Your friend shares life saving information from the National Heart, Lung, and Blood Institute’s (NHLBI) The Heart Truth® program. The Heart Truth has for years worked to raise awareness about women’s risk for heart disease. This program becomes your saving grace, a place for you to turn for information and encouragement. No longer is your focus solely on your children, but (almost) equally on yourself. Caring #FromTheHeart requires that we also care for the caregiver.
February is one of my favorite months. It is the time where all the heart moms reach out and offer support beyond what we do throughout the year. We connect #FromTheHeart and get together to share our thoughts, worries, triumphs and struggles. My gift #FromTheHeart this year is a vow to stay in touch with my kindred heart moms. The support we give each other reduces stress levels. We share “best practices” and specialist referrals, which in return ensures that our children receive the best possible care. Our friendships
#FromTheHeart help improve our children’s heart health, as well as our own.
We learn valuable information from The Heart Truth about heart disease in women:
- Heart disease is the #1 killer of women.

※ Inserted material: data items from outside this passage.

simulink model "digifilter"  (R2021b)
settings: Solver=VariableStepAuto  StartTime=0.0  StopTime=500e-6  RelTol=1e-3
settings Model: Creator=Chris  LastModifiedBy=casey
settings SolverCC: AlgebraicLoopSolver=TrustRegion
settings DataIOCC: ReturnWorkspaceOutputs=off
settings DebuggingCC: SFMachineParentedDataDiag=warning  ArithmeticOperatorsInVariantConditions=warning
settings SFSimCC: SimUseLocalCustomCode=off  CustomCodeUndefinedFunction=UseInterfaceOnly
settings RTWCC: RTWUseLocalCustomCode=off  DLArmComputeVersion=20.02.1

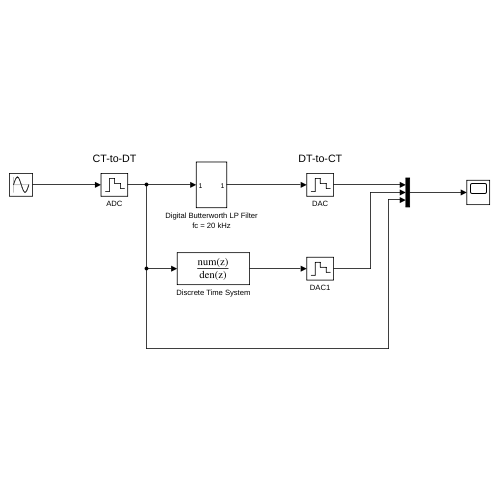
[thumbnail: Simulink's stored preview of the top-level diagram]
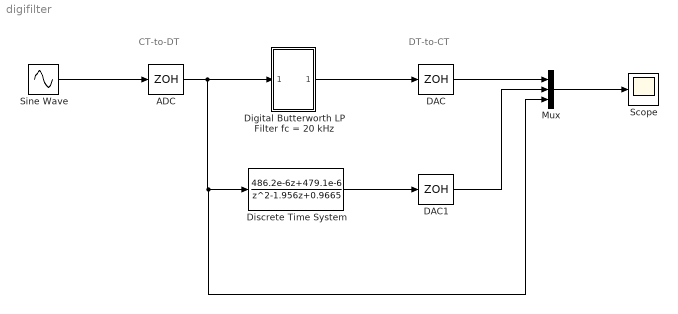
== system digifilter ==
  note: DT-to-CT
  note: CT-to-DT
  ADC : ZeroOrderHold  SampleTime=0.25e-6
  DAC : ZeroOrderHold  SampleTime=0.25e-6
  DAC1 : ZeroOrderHold  SampleTime=0.25e-6
  Digital Butterworth LP Filter fc = 20 kHz : Subsystem
  Discrete Time System : DiscreteTransferFcn  Numerator=[0 486.2e-6 479.1e-6]  Denominator=[1 -1.956 0.9665]
  Mux : Mux  Inputs=3
  Scope : Scope
  Sine Wave : Sin  Frequency=0.1*1.2566e+05  SampleTime=0
  wires:
  Sine Wave/1 -> ADC/1
  ADC/1 -> Mux/3, Discrete Time System/1, Digital Butterworth LP Filter fc = 20 kHz/1(In1)
  Digital Butterworth LP Filter fc = 20 kHz/1(Out1) -> DAC/1
  Discrete Time System/1 -> DAC1/1
  DAC/1 -> Mux/1
  Mux/1 -> Scope/1
  DAC1/1 -> Mux/2

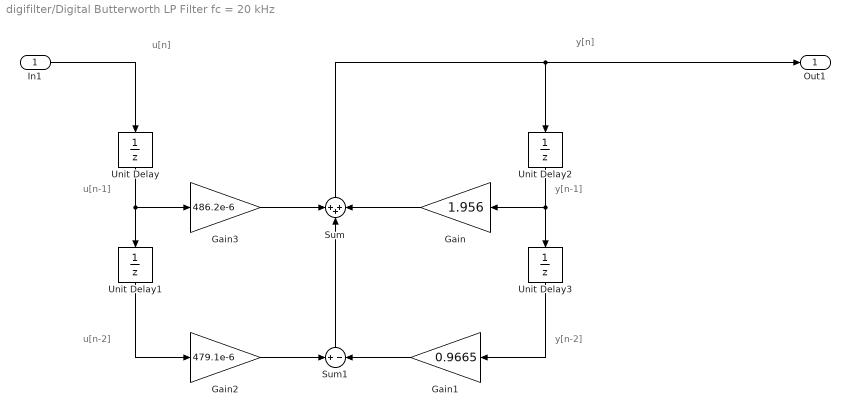
== system digifilter/Digital Butterworth LP Filter fc = 20 kHz ==
  note: y[n-2]
  note: y[n-1]
  note: y[n]
  note: u[n-2]
  note: u[n-1]
  note: u[n]
  In1 : Inport
  Gain : Gain  Gain=1.956
  Gain1 : Gain  Gain=0.9665
  Gain2 : Gain  Gain=479.1e-6
  Gain3 : Gain  Gain=486.2e-6
  Sum : Sum  Inputs=+++
  Sum1 : Sum  Inputs=+|-
  Unit Delay{,1..3} (4 alike) : UnitDelay  SampleTime=-1  HasFrameUpgradeWarning=on
  Out1 : Outport  VectorParamsAs1DForOutWhenUnconnected=off
  wires:
  Sum1/1 -> Sum/2
  Gain3/1 -> Sum/1
  Unit Delay/1 -> Gain3/1, Unit Delay1/1
  Gain/1 -> Sum/3
  Unit Delay2/1 -> Unit Delay3/1, Gain/1
  Unit Delay3/1 -> Gain1/1
  Unit Delay1/1 -> Gain2/1
  Gain2/1 -> Sum1/1
  Sum/1 -> Out1/1, Unit Delay2/1
  Gain1/1 -> Sum1/2
  In1/1 -> Unit Delay/1

- Of the women who died in 2013 (the latest data available), one in four women in the United States died of heart disease.
- Eighty percent of women ages 40 to 60 have one or more risk factors for heart disease.
The risk factors for heart disease in women:
- Someone in your family passed away suddenly before the age of 50.
- There is a history of heart disease in your family.
- You have
- high blood pressure
- high blood cholesterol
- diabetes or pre-diabetes
- a history of pre-eclampsia during pregnancy
- You are
- a smoker, current or past
- physically inactive (less than 2.5 of physical activity per week)
- overweight or obese (BMI of 25 or greater)
Don’t miss the signs of heart attacks in women. SOME women have the classic chest pain and left-sided numbness. However many women experience “silent” symptoms that can easily be brushed aside, or discounted as something much less serious.
The six signs of heart attack in women:
- Chest pain or discomfort, not limited to the left side. Women have reported it as feeling like an elephant is sitting on their chest.
- Pain in the arms, back, neck or jaw. The pain may come and go, wake you up out of your sleep, be gradual or sudden. It is not limited to the left side, which is one big difference between the signs reported by men and women.
- Stomach pain. This pain can be confused with heart burn, the flu or an ulcer.
- Shortness or breath, nausea or lightheadedness. Exhaustion may set in without expending any energy. Suddenly you have trouble breathing doing tasks you did effortlessly just last week.
- Sweating. Breaking out in a cold sweat without there being a reason for it.
- Fatigue. Women have reported a “tiredness in the chest”.
Know the signs! You may just save a life – either your own or a friend’s!